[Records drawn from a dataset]
○ ○ ○ ○
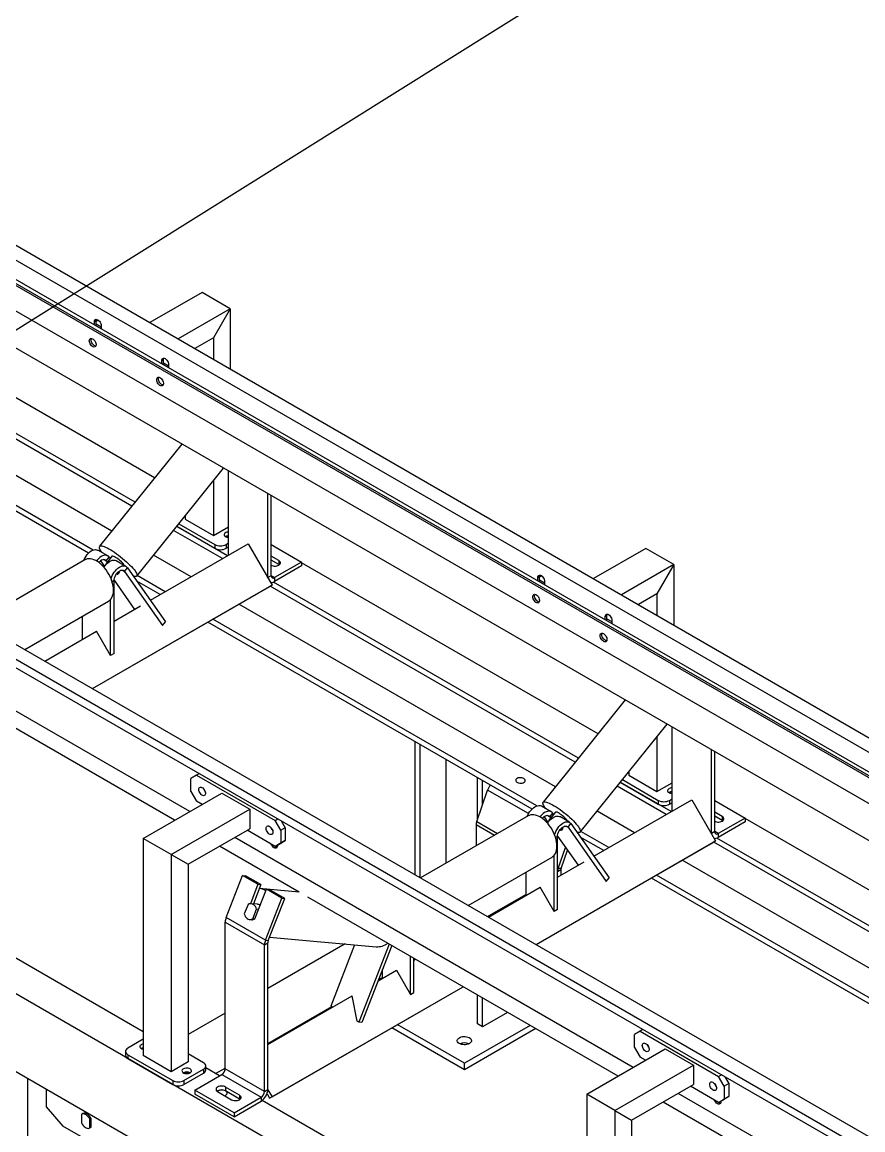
# Model space of a CAD drawing. Header units: millimetres. Extents: x 41 to 1868, y -696 to 319.
# Drawn here: x 165.9 to 218.9, y 187.5 to 257.3 of the extents above; entities that cross this region are included whole.
import ezdxf

# ---------------------------------------------------------------- set-up
doc = ezdxf.new("R2010")
doc.units = ezdxf.units.MM
doc.dimstyles.new('SLDDIMSTYLE0', dxfattribs={"dimtxt": 2.5, "dimasz": 2.116667, "dimexe": 0, "dimexo": 0.625, "dimgap": 0, "dimtad": 1, "dimdec": 0, "dimrnd": 1e-09, "dimtxsty": 'Standard', "dimsah": 1, "dimcen": 2.5, "dimazin": 3, "dimtfac": 2.116667, "dimtdec": 0, "dimtmove": 0, "dimatfit": 3, "dimfrac": 2})

msp = doc.modelspace()

# ---------------------------------------------------------------- linework, layer by layer
at = {"color": 7, "linetype": 'Continuous', "lineweight": 25}
for p, q in [((119.8755, 269.6242), (314.6834, 157.1639)), ((119.0623, 269.1547), (313.8703, 156.6945)), ((118.7441, 267.7462), (313.5521, 155.286)), ((118.8502, 267.8074), (313.6581, 155.3472)), ((313.5521, 153.6529), (118.7441, 266.1131)), ((136.5279, 257.6023), (295.9805, 165.5523)), ((136.74, 257.7248), (296.1926, 165.6748)), ((98.0966, 257.0515), (292.9045, 144.5912)), ((97.2835, 256.582), (292.0914, 144.1218)), ((97.2835, 256.0513), (292.0914, 143.5911)), ((295.9805, 161.4696), (136.5279, 253.5196)), ((177.2572, 240.2945), (173.9694, 238.3964)), ((179.025, 239.2739), (177.2572, 240.2945)), ((174.261, 228.6124), (155.5844, 239.3941)), ((179.025, 239.2739), (175.7372, 237.3759)), ((179.025, 239.2739), (177.9643, 237.4368)), ((179.025, 239.2739), (179.025, 235.4779)), ((173.0283, 227.0789), (153.8094, 238.1737)), ((170.469, 238.4576), (170.5751, 238.5188)), ((170.469, 238.2535), (170.469, 238.4576)), ((170.714, 238.5582), (170.5751, 238.478)), ((170.5751, 238.1922), (170.5751, 238.5188)), ((170.5751, 238.3147), (170.8933, 238.131)), ((170.8933, 238.2127), (170.8933, 238.0085)), ((172.8266, 226.8279), (153.611, 237.9208)), ((177.9643, 237.4368), (176.798, 236.7635)), ((177.9643, 237.4368), (177.9643, 236.0902)), ((171.5711, 225.2661), (151.6305, 236.7775)), ((174.7117, 236.0084), (174.8177, 236.0696)), ((174.7117, 235.8042), (174.7117, 236.0084)), ((174.8177, 235.743), (174.8177, 236.0696)), ((174.9186, 236.1338), (174.929, 236.1278)), ((170.0999, 223.8702), (149.6859, 235.6549)), ((170.3936, 224.068), (150.0041, 235.8387)), ((174.8177, 235.8655), (175.1359, 235.6818)), ((175.1359, 235.7635), (175.1359, 235.5593)), ((175.9765, 230.7464), (170.7979, 224.3042)), ((173.1361, 222.4246), (178.6056, 229.2287)), ((178.9189, 223.76), (178.9189, 229.0478)), ((270.0473, 135.7613), (108.827, 228.8319)), ((177.9643, 228.431), (177.9643, 224.9846)), ((181.3938, 222.3313), (181.3938, 227.6191)), ((181.6059, 222.4538), (181.6059, 227.4966)), ((176.1966, 226.2319), (176.1966, 226.0051)), ((178.8597, 223.7125), (175.6574, 225.5611)), ((175.6574, 225.5611), (178.0527, 224.1783)), ((175.7919, 225.7285), (178.0527, 224.4233)), ((176.1966, 226.0051), (177.9643, 224.9846)), ((177.9643, 224.9846), (178.9189, 225.5357)), ((178.5414, 223.5288), (175.4556, 225.3102)), ((171.3109, 223.7025), (170.6922, 224.0597)), ((173.9927, 220.9029), (180.1564, 224.4611)), ((178.0527, 224.4233), (178.0527, 224.1783)), ((178.7598, 224.4233), (178.9189, 224.5151)), ((178.7598, 224.4233), (178.7598, 224.1783)), ((178.7598, 224.1783), (178.9189, 224.2702)), ((180.1564, 224.4611), (181.6564, 221.863)), ((181.6059, 224.4131), (183.5151, 223.3109)), ((205.188, 224.1704), (201.9001, 222.2724)), ((206.9557, 223.1499), (205.188, 224.1704)), ((270.0473, 130.8621), (108.827, 223.9326)), ((169.8605, 223.4474), (163.0837, 219.5352)), ((170.856, 223.3813), (171.1023, 223.0308)), ((171.4624, 223.5315), (171.1868, 223.1887)), ((171.2171, 223.3906), (171.4008, 223.6191)), ((171.2171, 223.3906), (171.2787, 223.303)), ((171.4008, 223.6191), (171.4624, 223.5315)), ((171.5773, 223.6777), (171.4612, 223.5333)), ((172.46, 223.0392), (171.8412, 223.3964)), ((176.5609, 222.3855), (174.2001, 223.7483)), ((178.9189, 223.76), (178.9191, 223.7468)), ((182.0832, 223.4028), (181.6059, 223.6783)), ((182.0832, 223.1578), (181.6059, 223.4334)), ((182.0832, 223.4028), (182.0832, 223.1578)), ((171.2059, 223.1616), (171.1868, 223.1887)), ((171.9017, 222.62), (171.951, 222.5498)), ((172.0429, 222.6641), (171.951, 222.5498)), ((172.0429, 222.6641), (172.005, 222.7179)), ((172.3662, 222.7272), (172.5499, 222.9558)), ((172.3662, 222.7272), (174.7683, 219.3094)), ((172.5499, 222.9558), (174.952, 219.538)), ((183.5151, 223.3109), (181.8181, 222.3313)), ((183.5151, 223.066), (181.8181, 222.0863)), ((182.1141, 223.1374), (182.0832, 223.1578)), ((183.5151, 223.3109), (183.5151, 223.066)), ((202.1917, 212.4883), (183.5151, 223.2701)), ((206.9557, 223.1499), (203.6679, 221.2519)), ((206.9557, 223.1499), (205.8951, 221.3128)), ((206.9557, 223.1499), (206.9557, 219.3538)), ((176.479, 207.5971), (151.3769, 222.0882)), ((171.7064, 217.5419), (171.7064, 222.1422)), ((171.7072, 222.1701), (173.0005, 220.3301)), ((174.6163, 221.2629), (173.1412, 222.1145)), ((174.9346, 221.4466), (173.1691, 222.4658)), ((181.6059, 222.4538), (181.3938, 222.3313)), ((181.394, 222.3175), (181.3938, 222.3313)), ((200.959, 210.9548), (181.7401, 222.0496)), ((181.8181, 222.3313), (181.8181, 222.0863)), ((198.3997, 222.3335), (198.5058, 222.3948)), ((198.3997, 222.1294), (198.3997, 222.3335)), ((198.6447, 222.4341), (198.5058, 222.3539)), ((198.5058, 222.0682), (198.5058, 222.3948)), ((198.5058, 222.1906), (198.824, 222.0069)), ((198.824, 222.0886), (198.824, 221.8845)), ((170.3539, 215.3382), (181.6564, 221.863)), ((170.3539, 215.3382), (181.5064, 221.7764)), ((181.6564, 221.863), (181.5064, 221.7764)), ((200.7573, 210.7038), (181.5417, 221.7968)), ((205.8951, 221.3128), (204.7287, 220.6394)), ((205.8951, 221.3128), (205.8951, 219.9661)), ((166.0839, 217.8032), (171.3604, 220.8493)), ((171.4943, 217.4194), (171.4943, 220.9611)), ((171.7064, 219.583), (173.3741, 220.5458)), ((199.5018, 209.142), (179.5612, 220.6535)), ((169.7265, 218.4401), (169.7265, 219.9061)), ((202.6424, 219.8843), (202.7484, 219.9456)), ((202.6424, 219.6802), (202.6424, 219.8843)), ((202.7484, 219.619), (202.7484, 219.9456)), ((202.8493, 220.0097), (202.8597, 220.0038)), ((174.7683, 219.3094), (174.952, 219.538)), ((198.0306, 207.7461), (177.6166, 219.5309)), ((198.3244, 207.944), (177.9348, 219.7146)), ((202.7484, 219.7414), (203.0666, 219.5577)), ((203.0666, 219.6394), (203.0666, 219.4353)), ((167.3537, 217.0702), (170.6104, 218.9503)), ((171.4943, 217.4194), (170.6104, 218.9503)), ((175.5243, 207.0459), (155.9745, 218.3318)), ((171.7064, 217.5419), (171.4943, 217.4194)), ((203.9072, 214.6224), (198.7286, 208.1802)), ((201.0668, 206.3006), (206.5363, 213.1046)), ((206.8497, 207.636), (206.8497, 212.9237)), ((205.8951, 212.3069), (205.8951, 208.8605)), ((190.9928, 211.809), (190.6746, 211.9927)), ((190.6746, 203.6074), (190.6746, 211.9927)), ((190.9928, 203.4237), (190.9928, 211.809)), ((209.3245, 206.2072), (209.3245, 211.495)), ((192.6191, 204.3376), (192.6191, 210.8701)), ((209.5367, 206.3297), (209.5367, 211.3726)), ((204.1273, 210.1078), (204.1273, 209.881)), ((176.9037, 209.8833), (176.5501, 209.6791)), ((176.5501, 208.8626), (176.5501, 209.6791)), ((177.0806, 209.9854), (176.9037, 209.8833)), ((176.9037, 209.8833), (181.8534, 207.0259)), ((194.599, 207.1109), (194.599, 209.7271)), ((194.9172, 209.5434), (194.599, 209.7271)), ((194.9172, 208.0295), (194.9172, 209.5434)), ((206.7904, 207.5885), (203.5881, 209.4371)), ((203.5881, 209.4371), (205.9834, 208.0543)), ((203.7226, 209.6044), (205.9834, 208.2992)), ((204.1273, 209.881), (205.8951, 208.8605)), ((205.8951, 208.8605), (206.8497, 209.4116)), ((173.5449, 205.9033), (178.4947, 208.7607)), ((176.5501, 208.8626), (176.9037, 208.2502)), ((177.434, 208.875), (177.434, 208.896)), ((178.4947, 208.7607), (180.2624, 207.7402)), ((194.548, 206.9635), (195.2364, 208.9509)), ((206.4721, 207.4047), (203.3864, 209.1861)), ((177.257, 208.0462), (176.9037, 208.2502)), ((201.9234, 204.7788), (208.0871, 208.337)), ((205.9834, 208.2992), (205.9834, 208.0543)), ((206.6906, 208.2992), (206.8497, 208.3911)), ((206.6906, 208.2992), (206.6906, 208.0543)), ((206.6906, 208.0543), (206.8497, 208.1461)), ((208.0871, 208.337), (209.5871, 205.739)), ((209.5367, 208.289), (211.4458, 207.1869)), ((175.3127, 204.8828), (180.2624, 207.7402)), ((180.2624, 207.7402), (180.2624, 206.5154)), ((197.7912, 207.3234), (191.0144, 203.4112)), ((199.2416, 207.5784), (198.6229, 207.9356)), ((199.3931, 207.4075), (199.1175, 207.0647)), ((199.1479, 207.2665), (199.3316, 207.495)), ((199.1479, 207.2665), (199.2094, 207.1789)), ((199.3316, 207.495), (199.3931, 207.4075)), ((199.508, 207.5536), (199.3919, 207.4092)), ((200.3907, 206.9151), (199.772, 207.2723)), ((204.4916, 206.2614), (202.1308, 207.6243)), ((206.8497, 207.636), (206.8498, 207.6228)), ((210.014, 207.2787), (209.5367, 207.5543)), ((210.014, 207.0338), (209.5367, 207.3093)), ((210.014, 207.2787), (210.014, 207.0338)), ((181.8534, 207.0259), (182.0303, 207.128)), ((182.207, 206.4135), (181.8534, 207.0259)), ((182.4898, 206.5768), (182.207, 206.4135)), ((182.2422, 207.0056), (182.4898, 206.5768)), ((182.4898, 206.5768), (182.4898, 205.7602)), ((194.5106, 206.7594), (194.5106, 205.4295)), ((198.7867, 207.2572), (199.033, 206.9067)), ((199.1366, 207.0376), (199.1175, 207.0647)), ((199.9736, 206.54), (199.9358, 206.5939)), ((200.2969, 206.6032), (200.4806, 206.8317)), ((200.2969, 206.6032), (202.699, 203.1854)), ((200.4806, 206.8317), (202.8827, 203.4139)), ((211.4458, 207.1869), (209.7488, 206.2072)), ((211.4458, 206.9419), (209.7488, 205.9622)), ((210.0448, 207.0134), (210.014, 207.0338)), ((211.4458, 207.1869), (211.4458, 206.9419)), ((230.1225, 196.3642), (211.4458, 207.146)), ((173.5449, 205.9033), (173.5449, 192.2262)), ((175.3127, 204.8828), (173.5449, 205.9033)), ((176.3734, 204.2703), (180.2624, 206.5154)), ((204.4098, 191.473), (179.3076, 205.9642)), ((181.8534, 205.3928), (180.0856, 206.4133)), ((181.6767, 206.4258), (181.6767, 206.4468)), ((182.207, 206.4135), (182.207, 205.5969)), ((199.6372, 201.4178), (199.6372, 206.0182)), ((199.638, 206.046), (200.9312, 204.206)), ((199.8324, 206.4959), (199.8817, 206.4258)), ((199.9736, 206.54), (199.8817, 206.4258)), ((202.547, 205.1388), (201.0719, 205.9904)), ((202.8653, 205.3225), (201.0998, 206.3417)), ((209.5367, 206.3297), (209.3245, 206.2072)), ((209.3247, 206.1934), (209.3245, 206.2072)), ((228.8897, 194.8308), (209.6709, 205.9256)), ((209.7488, 206.2072), (209.7488, 205.9622)), ((173.5449, 193.7161), (153.1044, 205.5162)), ((183.3726, 202.5152), (178.3529, 205.413)), ((181.8534, 205.3928), (182.207, 205.5969)), ((182.1363, 205.5561), (181.8534, 205.3928)), ((181.9949, 205.4744), (181.9949, 205.4336)), ((182.4898, 205.7602), (182.1363, 205.5561)), ((182.207, 205.5969), (182.4898, 205.7602)), ((198.2846, 199.2142), (209.5871, 205.739)), ((198.2846, 199.2142), (209.4371, 205.6523)), ((199.6745, 204.004), (200.1362, 205.337)), ((209.5871, 205.739), (209.4371, 205.6523)), ((228.688, 194.5798), (209.4724, 205.6727)), ((175.3127, 204.8828), (175.3127, 191.2057)), ((175.3127, 204.8828), (176.3734, 204.2703)), ((194.0146, 201.6792), (199.2911, 204.7252)), ((199.425, 201.2953), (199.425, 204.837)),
○ ○ ○ ○
● WORK ITEM
Using the entries, return every line where the word "ezdxf" can be found.

● WRITTEN ANSWER
import ezdxf
doc = ezdxf.new("R2010")
doc.units = ezdxf.units.MM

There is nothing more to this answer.